## Assigned task:
Output the entries below word for word, stopping once the line containing "#6=PRODUCT_DEFINITION_FORMATION('','',#4);" is done, and omit each picture.

[Data records]
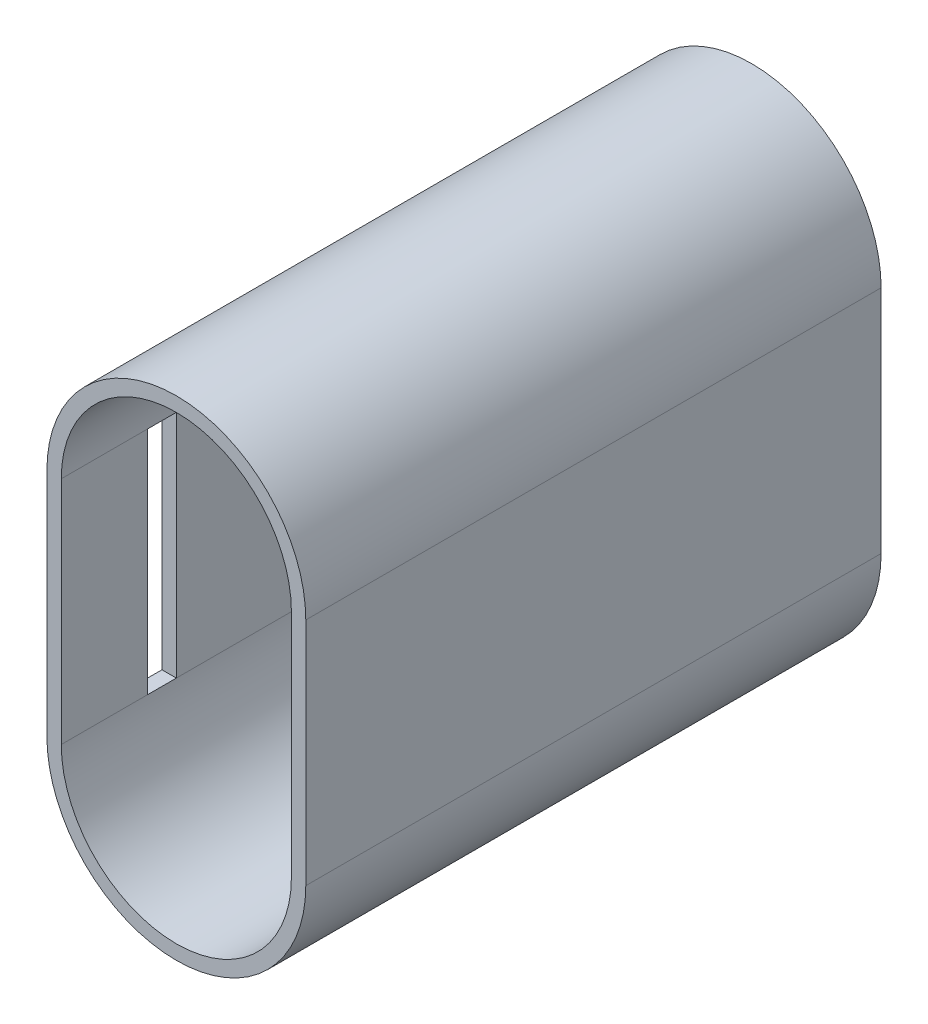
ISO-10303-21;
HEADER;
FILE_DESCRIPTION(('STEP AP214'),'2;1');
FILE_NAME('part.step','',(''),(''),'','','');
FILE_SCHEMA(('AUTOMOTIVE_DESIGN { 1 0 10303 214 1 1 1 1 }'));
ENDSEC;
DATA;
#1=APPLICATION_CONTEXT('core data for automotive mechanical design processes');
#2=APPLICATION_PROTOCOL_DEFINITION('international standard','automotive_design',2000,#1);
#3=PRODUCT_CONTEXT('',#1,'mechanical');
#4=PRODUCT('Part','Part','',(#3));
#5=PRODUCT_RELATED_PRODUCT_CATEGORY('part','',(#4));
#6=PRODUCT_DEFINITION_FORMATION('','',#4);
#7=PRODUCT_DEFINITION_CONTEXT('part definition',#1,'design');
#8=PRODUCT_DEFINITION('design','',#6,#7);
#9=PRODUCT_DEFINITION_SHAPE('','',#8);
#10=(LENGTH_UNIT() NAMED_UNIT(*) SI_UNIT(.MILLI.,.METRE.));
#11=(NAMED_UNIT(*) PLANE_ANGLE_UNIT() SI_UNIT($,.RADIAN.));
#12=(NAMED_UNIT(*) SI_UNIT($,.STERADIAN.) SOLID_ANGLE_UNIT());
#13=UNCERTAINTY_MEASURE_WITH_UNIT(LENGTH_MEASURE(1.E-05),#10,'distance_accuracy_value','');
#14=(GEOMETRIC_REPRESENTATION_CONTEXT(3) GLOBAL_UNCERTAINTY_ASSIGNED_CONTEXT((#13)) GLOBAL_UNIT_ASSIGNED_CONTEXT((#10,
#11,#12)) REPRESENTATION_CONTEXT('',''));
#15=CARTESIAN_POINT('',(0.,0.,0.));
#16=DIRECTION('',(0.,0.,1.));
#17=DIRECTION('',(1.,0.,0.));
#18=AXIS2_PLACEMENT_3D('',#15,#16,#17);
#19=CARTESIAN_POINT('',(-45.,-40.,200.));
#20=DIRECTION('',(1.,0.,0.));
#21=DIRECTION('',(0.,1.,0.));
#22=AXIS2_PLACEMENT_3D('',#19,#20,#21);
#23=PLANE('',#22);
#24=DIRECTION('',(0.,-1.,0.));
#25=VECTOR('',#24,1.);
#26=CARTESIAN_POINT('',(-45.,0.,170.));
#27=LINE('',#26,#25);
#28=CARTESIAN_POINT('',(-45.,40.,170.));
#29=VERTEX_POINT('',#28);
#30=CARTESIAN_POINT('',(-45.,-40.,170.));
#31=VERTEX_POINT('',#30);
#32=EDGE_CURVE('E56',#29,#31,#27,.T.);
#33=ORIENTED_EDGE('',*,*,#32,.T.);
#34=DIRECTION('',(0.,0.,-1.));
#35=VECTOR('',#34,1.);
#36=CARTESIAN_POINT('',(-45.,-40.,200.));
#37=LINE('',#36,#35);
#38=CARTESIAN_POINT('',(-45.,-40.,200.));
#39=VERTEX_POINT('',#38);
#40=EDGE_CURVE('E178',#39,#31,#37,.T.);
#41=ORIENTED_EDGE('',*,*,#40,.F.);
#42=DIRECTION('',(0.,-1.,0.));
#43=VECTOR('',#42,1.);
#44=CARTESIAN_POINT('',(-45.,-40.,200.));
#45=LINE('',#44,#43);
#46=CARTESIAN_POINT('',(-45.,40.,200.));
#47=VERTEX_POINT('',#46);
#48=EDGE_CURVE('E195',#47,#39,#45,.T.);
#49=ORIENTED_EDGE('',*,*,#48,.F.);
#50=DIRECTION('',(0.,0.,-1.));
#51=VECTOR('',#50,1.);
#52=CARTESIAN_POINT('',(-45.,40.,200.));
#53=LINE('',#52,#51);
#54=EDGE_CURVE('E181',#47,#29,#53,.T.);
#55=ORIENTED_EDGE('',*,*,#54,.T.);
#56=EDGE_LOOP('',(#33,#41,#49,#55));
#57=FACE_BOUND('',#56,.T.);
#58=ADVANCED_FACE('F41',(#57),#23,.F.);
#59=CARTESIAN_POINT('',(-40.,-40.,200.));
#60=DIRECTION('',(1.,0.,0.));
#61=DIRECTION('',(0.,1.,0.));
#62=AXIS2_PLACEMENT_3D('',#59,#60,#61);
#63=PLANE('',#62);
#64=DIRECTION('',(0.,0.,-1.));
#65=VECTOR('',#64,1.);
#66=CARTESIAN_POINT('',(-40.,-40.,200.));
#67=LINE('',#66,#65);
#68=CARTESIAN_POINT('',(-40.,-40.,200.));
#69=VERTEX_POINT('',#68);
#70=CARTESIAN_POINT('',(-40.,-40.,170.));
#71=VERTEX_POINT('',#70);
#72=EDGE_CURVE('E228',#69,#71,#67,.T.);
#73=ORIENTED_EDGE('',*,*,#72,.T.);
#74=DIRECTION('',(0.,-1.,0.));
#75=VECTOR('',#74,1.);
#76=CARTESIAN_POINT('',(-40.,0.,170.));
#77=LINE('',#76,#75);
#78=CARTESIAN_POINT('',(-40.,40.,170.));
#79=VERTEX_POINT('',#78);
#80=EDGE_CURVE('E157',#79,#71,#77,.T.);
#81=ORIENTED_EDGE('',*,*,#80,.F.);
#82=DIRECTION('',(0.,0.,-1.));
#83=VECTOR('',#82,1.);
#84=CARTESIAN_POINT('',(-40.,40.,200.));
#85=LINE('',#84,#83);
#86=CARTESIAN_POINT('',(-40.,40.,200.));
#87=VERTEX_POINT('',#86);
#88=EDGE_CURVE('E223',#87,#79,#85,.T.);
#89=ORIENTED_EDGE('',*,*,#88,.F.);
#90=DIRECTION('',(0.,-1.,0.));
#91=VECTOR('',#90,1.);
#92=CARTESIAN_POINT('',(-40.,-40.,200.));
#93=LINE('',#92,#91);
#94=EDGE_CURVE('E247',#87,#69,#93,.T.);
#95=ORIENTED_EDGE('',*,*,#94,.T.);
#96=EDGE_LOOP('',(#73,#81,#89,#95));
#97=FACE_BOUND('',#96,.T.);
#98=ADVANCED_FACE('F359',(#97),#63,.T.);
#99=CARTESIAN_POINT('',(-45.,-40.,160.));
#100=VERTEX_POINT('',#99);
#101=CARTESIAN_POINT('',(-45.,-40.,43.));
#102=VERTEX_POINT('',#101);
#103=EDGE_CURVE('E189',#100,#102,#37,.T.);
#104=ORIENTED_EDGE('',*,*,#103,.F.);
#105=DIRECTION('',(0.,-1.,0.));
#106=VECTOR('',#105,1.);
#107=CARTESIAN_POINT('',(-45.,0.,160.));
#108=LINE('',#107,#106);
#109=CARTESIAN_POINT('',(-45.,40.,160.));
#110=VERTEX_POINT('',#109);
#111=EDGE_CURVE('E172',#110,#100,#108,.T.);
#112=ORIENTED_EDGE('',*,*,#111,.F.);
#113=CARTESIAN_POINT('',(-45.,40.,43.));
#114=VERTEX_POINT('',#113);
#115=EDGE_CURVE('E192',#110,#114,#53,.T.);
#116=ORIENTED_EDGE('',*,*,#115,.T.);
#117=DIRECTION('',(0.,1.,0.));
#118=VECTOR('',#117,1.);
#119=CARTESIAN_POINT('',(-45.,-40.,43.));
#120=LINE('',#119,#118);
#121=EDGE_CURVE('E259',#102,#114,#120,.T.);
#122=ORIENTED_EDGE('',*,*,#121,.F.);
#123=EDGE_LOOP('',(#104,#112,#116,#122));
#124=FACE_BOUND('',#123,.T.);
#125=ADVANCED_FACE('F307',(#124),#23,.F.);
#126=DIRECTION('',(0.,-1.,0.));
#127=VECTOR('',#126,1.);
#128=CARTESIAN_POINT('',(-40.,0.,160.));
#129=LINE('',#128,#127);
#130=CARTESIAN_POINT('',(-40.,40.,160.));
#131=VERTEX_POINT('',#130);
#132=CARTESIAN_POINT('',(-40.,-40.,160.));
#133=VERTEX_POINT('',#132);
#134=EDGE_CURVE('E290',#131,#133,#129,.T.);
#135=ORIENTED_EDGE('',*,*,#134,.T.);
#136=CARTESIAN_POINT('',(-40.,-40.,43.));
#137=VERTEX_POINT('',#136);
#138=EDGE_CURVE('E231',#133,#137,#67,.T.);
#139=ORIENTED_EDGE('',*,*,#138,.T.);
#140=DIRECTION('',(0.,-1.,0.));
#141=VECTOR('',#140,1.);
#142=CARTESIAN_POINT('',(-40.,0.,43.));
#143=LINE('',#142,#141);
#144=CARTESIAN_POINT('',(-40.,40.,43.));
#145=VERTEX_POINT('',#144);
#146=EDGE_CURVE('E182',#145,#137,#143,.T.);
#147=ORIENTED_EDGE('',*,*,#146,.F.);
#148=EDGE_CURVE('E226',#131,#145,#85,.T.);
#149=ORIENTED_EDGE('',*,*,#148,.F.);
#150=EDGE_LOOP('',(#135,#139,#147,#149));
#151=FACE_BOUND('',#150,.T.);
#152=ADVANCED_FACE('F319',(#151),#63,.T.);
#153=CARTESIAN_POINT('',(0.,-40.,200.));
#154=DIRECTION('',(0.,0.,1.));
#155=DIRECTION('',(1.,0.,0.));
#156=AXIS2_PLACEMENT_3D('',#153,#154,#155);
#157=PLANE('',#156);
#158=CARTESIAN_POINT('',(0.,-40.,200.));
#159=DIRECTION('',(0.,0.,1.));
#160=DIRECTION('',(1.,0.,0.));
#161=AXIS2_PLACEMENT_3D('',#158,#159,#160);
#162=CIRCLE('',#161,45.);
#163=CARTESIAN_POINT('',(45.,-40.,200.));
#164=VERTEX_POINT('',#163);
#165=EDGE_CURVE('E187',#39,#164,#162,.T.);
#166=ORIENTED_EDGE('',*,*,#165,.T.);
#167=DIRECTION('',(0.,1.,0.));
#168=VECTOR('',#167,1.);
#169=CARTESIAN_POINT('',(45.,-40.,200.));
#170=LINE('',#169,#168);
#171=CARTESIAN_POINT('',(45.,40.,200.));
#172=VERTEX_POINT('',#171);
#173=EDGE_CURVE('E202',#164,#172,#170,.T.);
#174=ORIENTED_EDGE('',*,*,#173,.T.);
#175=CARTESIAN_POINT('',(0.,40.,200.));
#176=DIRECTION('',(0.,0.,1.));
#177=DIRECTION('',(1.,0.,0.));
#178=AXIS2_PLACEMENT_3D('',#175,#176,#177);
#179=CIRCLE('',#178,45.);
#180=EDGE_CURVE('E199',#172,#47,#179,.T.);
#181=ORIENTED_EDGE('',*,*,#180,.T.);
#182=ORIENTED_EDGE('',*,*,#48,.T.);
#183=EDGE_LOOP('',(#166,#174,#181,#182));
#184=FACE_BOUND('',#183,.T.);
#185=DIRECTION('',(0.,1.,0.));
#186=VECTOR('',#185,1.);
#187=CARTESIAN_POINT('',(40.,-40.,200.));
#188=LINE('',#187,#186);
#189=CARTESIAN_POINT('',(40.,-40.,200.));
#190=VERTEX_POINT('',#189);
#191=CARTESIAN_POINT('',(40.,40.,200.));
#192=VERTEX_POINT('',#191);
#193=EDGE_CURVE('E252',#190,#192,#188,.T.);
#194=ORIENTED_EDGE('',*,*,#193,.F.);
#195=CARTESIAN_POINT('',(0.,-40.,200.));
#196=DIRECTION('',(0.,0.,1.));
#197=DIRECTION('',(1.,0.,0.));
#198=AXIS2_PLACEMENT_3D('',#195,#196,#197);
#199=CIRCLE('',#198,40.);
#200=EDGE_CURVE('E236',#69,#190,#199,.T.);
#201=ORIENTED_EDGE('',*,*,#200,.F.);
#202=ORIENTED_EDGE('',*,*,#94,.F.);
#203=CARTESIAN_POINT('',(0.,40.,200.));
#204=DIRECTION('',(0.,0.,1.));
#205=DIRECTION('',(1.,0.,0.));
#206=AXIS2_PLACEMENT_3D('',#203,#204,#205);
#207=CIRCLE('',#206,40.);
#208=EDGE_CURVE('E249',#192,#87,#207,.T.);
#209=ORIENTED_EDGE('',*,*,#208,.F.);
#210=EDGE_LOOP('',(#194,#201,#202,#209));
#211=FACE_BOUND('',#210,.T.);
#212=ADVANCED_FACE('F354',(#184,#211),#157,.T.);
#213=CARTESIAN_POINT('',(0.,-40.,0.));
#214=DIRECTION('',(0.,0.,1.));
#215=DIRECTION('',(1.,0.,0.));
#216=AXIS2_PLACEMENT_3D('',#213,#214,#215);
#217=PLANE('',#216);
#218=CARTESIAN_POINT('',(0.,-40.,0.));
#219=DIRECTION('',(0.,0.,1.));
#220=DIRECTION('',(1.,0.,0.));
#221=AXIS2_PLACEMENT_3D('',#218,#219,#220);
#222=CIRCLE('',#221,45.);
#223=CARTESIAN_POINT('',(-45.,-40.,0.));
#224=VERTEX_POINT('',#223);
#225=CARTESIAN_POINT('',(45.,-40.,0.));
#226=VERTEX_POINT('',#225);
#227=EDGE_CURVE('E206',#224,#226,#222,.T.);
#228=ORIENTED_EDGE('',*,*,#227,.F.);
#229=DIRECTION('',(0.,-1.,0.));
#230=VECTOR('',#229,1.);
#231=CARTESIAN_POINT('',(-45.,-40.,0.));
#232=LINE('',#231,#230);
#233=CARTESIAN_POINT('',(-45.,40.,0.));
#234=VERTEX_POINT('',#233);
#235=EDGE_CURVE('E213',#234,#224,#232,.T.);
#236=ORIENTED_EDGE('',*,*,#235,.F.);
#237=CARTESIAN_POINT('',(0.,40.,0.));
#238=DIRECTION('',(0.,0.,1.));
#239=DIRECTION('',(1.,0.,0.));
#240=AXIS2_PLACEMENT_3D('',#237,#238,#239);
#241=CIRCLE('',#240,45.);
#242=CARTESIAN_POINT('',(45.,40.,0.));
#243=VERTEX_POINT('',#242);
#244=EDGE_CURVE('E211',#243,#234,#241,.T.);
#245=ORIENTED_EDGE('',*,*,#244,.F.);
#246=DIRECTION('',(0.,1.,0.));
#247=VECTOR('',#246,1.);
#248=CARTESIAN_POINT('',(45.,-40.,0.));
#249=LINE('',#248,#247);
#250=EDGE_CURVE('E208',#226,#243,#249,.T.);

## Task answer:
ISO-10303-21;
HEADER;
FILE_DESCRIPTION(('STEP AP214'),'2;1');
FILE_NAME('part.step','',(''),(''),'','','');
FILE_SCHEMA(('AUTOMOTIVE_DESIGN { 1 0 10303 214 1 1 1 1 }'));
ENDSEC;
DATA;
#1=APPLICATION_CONTEXT('core data for automotive mechanical design processes');
#2=APPLICATION_PROTOCOL_DEFINITION('international standard','automotive_design',2000,#1);
#3=PRODUCT_CONTEXT('',#1,'mechanical');
#4=PRODUCT('Part','Part','',(#3));
#5=PRODUCT_RELATED_PRODUCT_CATEGORY('part','',(#4));
#6=PRODUCT_DEFINITION_FORMATION('','',#4);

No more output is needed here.